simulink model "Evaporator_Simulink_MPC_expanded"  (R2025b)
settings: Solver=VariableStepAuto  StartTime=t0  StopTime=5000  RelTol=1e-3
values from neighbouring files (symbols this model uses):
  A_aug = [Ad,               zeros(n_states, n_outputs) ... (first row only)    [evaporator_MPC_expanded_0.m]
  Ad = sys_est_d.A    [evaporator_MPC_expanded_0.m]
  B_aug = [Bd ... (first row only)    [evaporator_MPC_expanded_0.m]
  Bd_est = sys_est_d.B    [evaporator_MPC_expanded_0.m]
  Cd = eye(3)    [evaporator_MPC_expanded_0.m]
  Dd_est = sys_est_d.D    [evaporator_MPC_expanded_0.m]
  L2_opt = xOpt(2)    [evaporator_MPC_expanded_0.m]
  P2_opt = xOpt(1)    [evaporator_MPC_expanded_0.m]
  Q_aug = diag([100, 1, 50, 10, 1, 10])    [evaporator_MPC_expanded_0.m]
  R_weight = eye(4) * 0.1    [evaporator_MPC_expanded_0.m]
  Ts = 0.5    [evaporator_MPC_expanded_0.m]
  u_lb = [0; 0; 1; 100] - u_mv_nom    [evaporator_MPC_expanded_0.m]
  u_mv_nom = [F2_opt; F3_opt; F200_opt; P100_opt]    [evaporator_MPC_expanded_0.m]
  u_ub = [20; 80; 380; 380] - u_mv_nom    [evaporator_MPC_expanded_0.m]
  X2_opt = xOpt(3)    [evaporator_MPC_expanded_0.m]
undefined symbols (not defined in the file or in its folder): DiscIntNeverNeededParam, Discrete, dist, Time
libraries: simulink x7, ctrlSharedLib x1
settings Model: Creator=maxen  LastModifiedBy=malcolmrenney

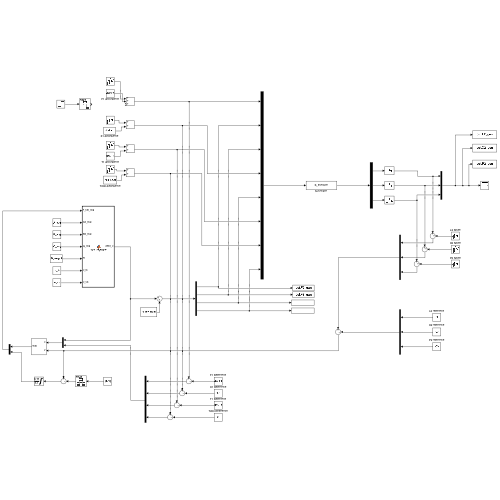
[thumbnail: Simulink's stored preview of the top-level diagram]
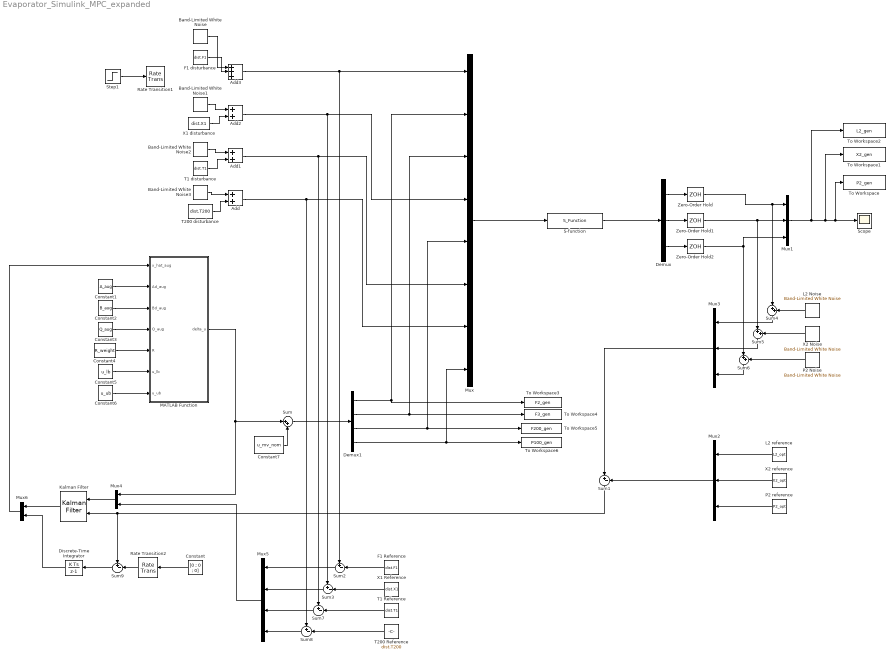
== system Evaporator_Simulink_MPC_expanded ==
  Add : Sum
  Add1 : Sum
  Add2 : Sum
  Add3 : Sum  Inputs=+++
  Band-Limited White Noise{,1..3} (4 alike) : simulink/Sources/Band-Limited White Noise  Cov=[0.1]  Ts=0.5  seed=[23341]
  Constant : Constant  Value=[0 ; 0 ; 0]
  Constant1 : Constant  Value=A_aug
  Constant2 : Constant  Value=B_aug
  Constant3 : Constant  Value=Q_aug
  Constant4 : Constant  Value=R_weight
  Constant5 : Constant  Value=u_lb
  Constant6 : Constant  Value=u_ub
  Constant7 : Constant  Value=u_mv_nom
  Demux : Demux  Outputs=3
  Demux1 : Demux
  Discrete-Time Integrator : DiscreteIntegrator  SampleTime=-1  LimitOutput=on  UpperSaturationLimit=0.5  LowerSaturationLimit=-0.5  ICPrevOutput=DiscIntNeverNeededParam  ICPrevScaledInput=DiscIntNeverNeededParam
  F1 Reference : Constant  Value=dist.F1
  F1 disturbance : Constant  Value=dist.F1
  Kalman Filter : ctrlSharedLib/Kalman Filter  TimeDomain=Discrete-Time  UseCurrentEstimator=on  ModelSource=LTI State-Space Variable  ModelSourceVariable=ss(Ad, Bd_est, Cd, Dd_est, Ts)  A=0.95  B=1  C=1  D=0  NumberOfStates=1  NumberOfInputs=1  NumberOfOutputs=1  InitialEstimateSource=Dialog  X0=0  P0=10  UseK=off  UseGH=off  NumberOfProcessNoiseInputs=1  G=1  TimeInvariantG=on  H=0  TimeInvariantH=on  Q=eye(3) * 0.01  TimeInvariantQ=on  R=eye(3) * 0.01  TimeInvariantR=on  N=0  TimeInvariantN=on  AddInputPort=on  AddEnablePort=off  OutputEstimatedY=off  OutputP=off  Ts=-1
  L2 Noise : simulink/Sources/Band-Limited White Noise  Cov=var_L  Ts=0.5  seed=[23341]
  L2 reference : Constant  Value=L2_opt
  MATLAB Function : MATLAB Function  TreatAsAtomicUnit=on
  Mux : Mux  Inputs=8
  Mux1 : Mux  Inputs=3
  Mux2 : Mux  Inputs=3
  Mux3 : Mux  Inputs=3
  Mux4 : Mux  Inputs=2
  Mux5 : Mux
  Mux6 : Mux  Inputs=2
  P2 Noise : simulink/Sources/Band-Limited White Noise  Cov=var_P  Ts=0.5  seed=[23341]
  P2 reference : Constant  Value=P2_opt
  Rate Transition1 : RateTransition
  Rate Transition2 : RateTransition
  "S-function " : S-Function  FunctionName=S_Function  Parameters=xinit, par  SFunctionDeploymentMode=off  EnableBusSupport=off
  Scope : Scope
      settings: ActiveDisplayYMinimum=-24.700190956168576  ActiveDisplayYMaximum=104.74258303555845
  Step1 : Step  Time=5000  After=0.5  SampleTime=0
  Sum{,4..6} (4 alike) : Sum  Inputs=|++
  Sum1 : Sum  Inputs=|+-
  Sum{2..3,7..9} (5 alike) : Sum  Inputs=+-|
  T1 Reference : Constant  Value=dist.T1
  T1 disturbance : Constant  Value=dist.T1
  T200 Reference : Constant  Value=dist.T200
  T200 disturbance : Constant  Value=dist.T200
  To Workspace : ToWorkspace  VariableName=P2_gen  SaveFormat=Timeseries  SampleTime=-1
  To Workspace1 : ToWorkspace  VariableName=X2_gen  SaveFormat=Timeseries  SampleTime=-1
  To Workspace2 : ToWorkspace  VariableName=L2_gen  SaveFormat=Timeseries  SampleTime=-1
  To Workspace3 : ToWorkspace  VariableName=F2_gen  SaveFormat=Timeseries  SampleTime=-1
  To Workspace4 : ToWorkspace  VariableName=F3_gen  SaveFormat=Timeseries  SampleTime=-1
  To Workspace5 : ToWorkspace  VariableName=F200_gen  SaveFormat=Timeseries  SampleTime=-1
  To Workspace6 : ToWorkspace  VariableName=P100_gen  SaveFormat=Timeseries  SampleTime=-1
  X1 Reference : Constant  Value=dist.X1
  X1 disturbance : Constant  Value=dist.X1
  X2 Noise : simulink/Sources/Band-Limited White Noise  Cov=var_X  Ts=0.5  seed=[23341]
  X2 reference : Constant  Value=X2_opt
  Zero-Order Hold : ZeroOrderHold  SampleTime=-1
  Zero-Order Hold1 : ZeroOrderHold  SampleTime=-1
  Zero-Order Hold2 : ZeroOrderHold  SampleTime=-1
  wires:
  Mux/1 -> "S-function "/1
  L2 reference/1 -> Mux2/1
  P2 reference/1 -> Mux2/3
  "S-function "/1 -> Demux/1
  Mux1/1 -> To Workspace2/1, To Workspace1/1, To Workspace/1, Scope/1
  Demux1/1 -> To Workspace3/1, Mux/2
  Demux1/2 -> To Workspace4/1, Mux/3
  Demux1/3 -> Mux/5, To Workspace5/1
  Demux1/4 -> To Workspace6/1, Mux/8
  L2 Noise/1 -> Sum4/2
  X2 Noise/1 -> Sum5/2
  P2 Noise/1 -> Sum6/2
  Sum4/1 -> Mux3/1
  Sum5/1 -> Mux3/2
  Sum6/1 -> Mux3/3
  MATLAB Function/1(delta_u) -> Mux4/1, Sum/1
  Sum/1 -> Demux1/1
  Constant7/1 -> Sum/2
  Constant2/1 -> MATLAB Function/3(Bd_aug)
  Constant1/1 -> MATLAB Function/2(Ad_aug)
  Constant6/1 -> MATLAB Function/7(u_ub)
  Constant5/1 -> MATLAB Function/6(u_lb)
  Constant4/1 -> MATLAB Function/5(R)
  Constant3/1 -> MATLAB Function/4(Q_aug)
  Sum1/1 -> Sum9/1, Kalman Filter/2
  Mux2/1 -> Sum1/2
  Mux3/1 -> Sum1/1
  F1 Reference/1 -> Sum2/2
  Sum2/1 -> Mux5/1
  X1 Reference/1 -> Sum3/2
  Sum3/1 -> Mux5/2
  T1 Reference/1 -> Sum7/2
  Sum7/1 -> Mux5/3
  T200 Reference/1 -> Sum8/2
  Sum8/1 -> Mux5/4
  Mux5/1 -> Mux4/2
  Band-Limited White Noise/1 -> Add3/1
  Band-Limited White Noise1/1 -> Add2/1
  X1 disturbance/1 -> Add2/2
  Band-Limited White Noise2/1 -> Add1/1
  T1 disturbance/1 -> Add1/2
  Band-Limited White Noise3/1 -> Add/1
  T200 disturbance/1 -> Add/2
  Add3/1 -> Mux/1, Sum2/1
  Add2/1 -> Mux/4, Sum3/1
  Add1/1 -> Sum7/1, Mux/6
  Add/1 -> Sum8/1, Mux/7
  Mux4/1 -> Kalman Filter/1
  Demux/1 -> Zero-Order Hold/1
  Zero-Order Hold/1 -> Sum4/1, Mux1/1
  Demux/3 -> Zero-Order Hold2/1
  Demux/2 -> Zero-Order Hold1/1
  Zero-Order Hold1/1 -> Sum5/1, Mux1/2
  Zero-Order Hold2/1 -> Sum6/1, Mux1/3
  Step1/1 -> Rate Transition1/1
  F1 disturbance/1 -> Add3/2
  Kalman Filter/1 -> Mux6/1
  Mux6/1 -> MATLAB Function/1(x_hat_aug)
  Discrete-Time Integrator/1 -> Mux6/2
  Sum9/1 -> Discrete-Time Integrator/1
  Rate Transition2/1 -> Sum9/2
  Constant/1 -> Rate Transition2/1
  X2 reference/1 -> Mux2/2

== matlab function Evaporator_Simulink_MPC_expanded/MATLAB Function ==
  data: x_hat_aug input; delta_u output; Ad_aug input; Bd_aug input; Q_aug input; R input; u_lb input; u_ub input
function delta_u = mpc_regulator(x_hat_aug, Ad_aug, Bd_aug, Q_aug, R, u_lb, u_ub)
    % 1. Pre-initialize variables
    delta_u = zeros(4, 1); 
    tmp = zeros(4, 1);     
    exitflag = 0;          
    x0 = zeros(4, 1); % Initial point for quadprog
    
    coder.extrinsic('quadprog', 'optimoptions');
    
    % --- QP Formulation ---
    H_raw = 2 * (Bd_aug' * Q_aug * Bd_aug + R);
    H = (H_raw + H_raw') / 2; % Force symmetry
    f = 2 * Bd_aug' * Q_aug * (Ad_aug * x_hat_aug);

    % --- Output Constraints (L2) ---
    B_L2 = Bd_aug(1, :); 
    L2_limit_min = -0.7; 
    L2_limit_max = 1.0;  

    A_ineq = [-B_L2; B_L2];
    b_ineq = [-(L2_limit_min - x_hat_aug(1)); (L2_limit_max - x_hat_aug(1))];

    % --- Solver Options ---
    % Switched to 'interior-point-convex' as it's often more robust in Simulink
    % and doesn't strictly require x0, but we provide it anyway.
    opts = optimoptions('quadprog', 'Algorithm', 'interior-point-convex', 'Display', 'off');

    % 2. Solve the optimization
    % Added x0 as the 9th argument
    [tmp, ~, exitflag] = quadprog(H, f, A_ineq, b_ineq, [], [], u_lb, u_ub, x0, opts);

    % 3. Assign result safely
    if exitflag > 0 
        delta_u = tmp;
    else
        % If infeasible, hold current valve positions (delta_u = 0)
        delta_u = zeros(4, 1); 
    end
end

- Assignment
From the entries above, return exactly the line containing "Band-Limited White Noise1/1 -> Add2/1", the line containing "Mux4/1 -> Kalman Filter/1", and all lines between, and nothing else.

- Response for this exercise
  Band-Limited White Noise1/1 -> Add2/1
  X1 disturbance/1 -> Add2/2
  Band-Limited White Noise2/1 -> Add1/1
  T1 disturbance/1 -> Add1/2
  Band-Limited White Noise3/1 -> Add/1
  T200 disturbance/1 -> Add/2
  Add3/1 -> Mux/1, Sum2/1
  Add2/1 -> Mux/4, Sum3/1
  Add1/1 -> Sum7/1, Mux/6
  Add/1 -> Sum8/1, Mux/7
  Mux4/1 -> Kalman Filter/1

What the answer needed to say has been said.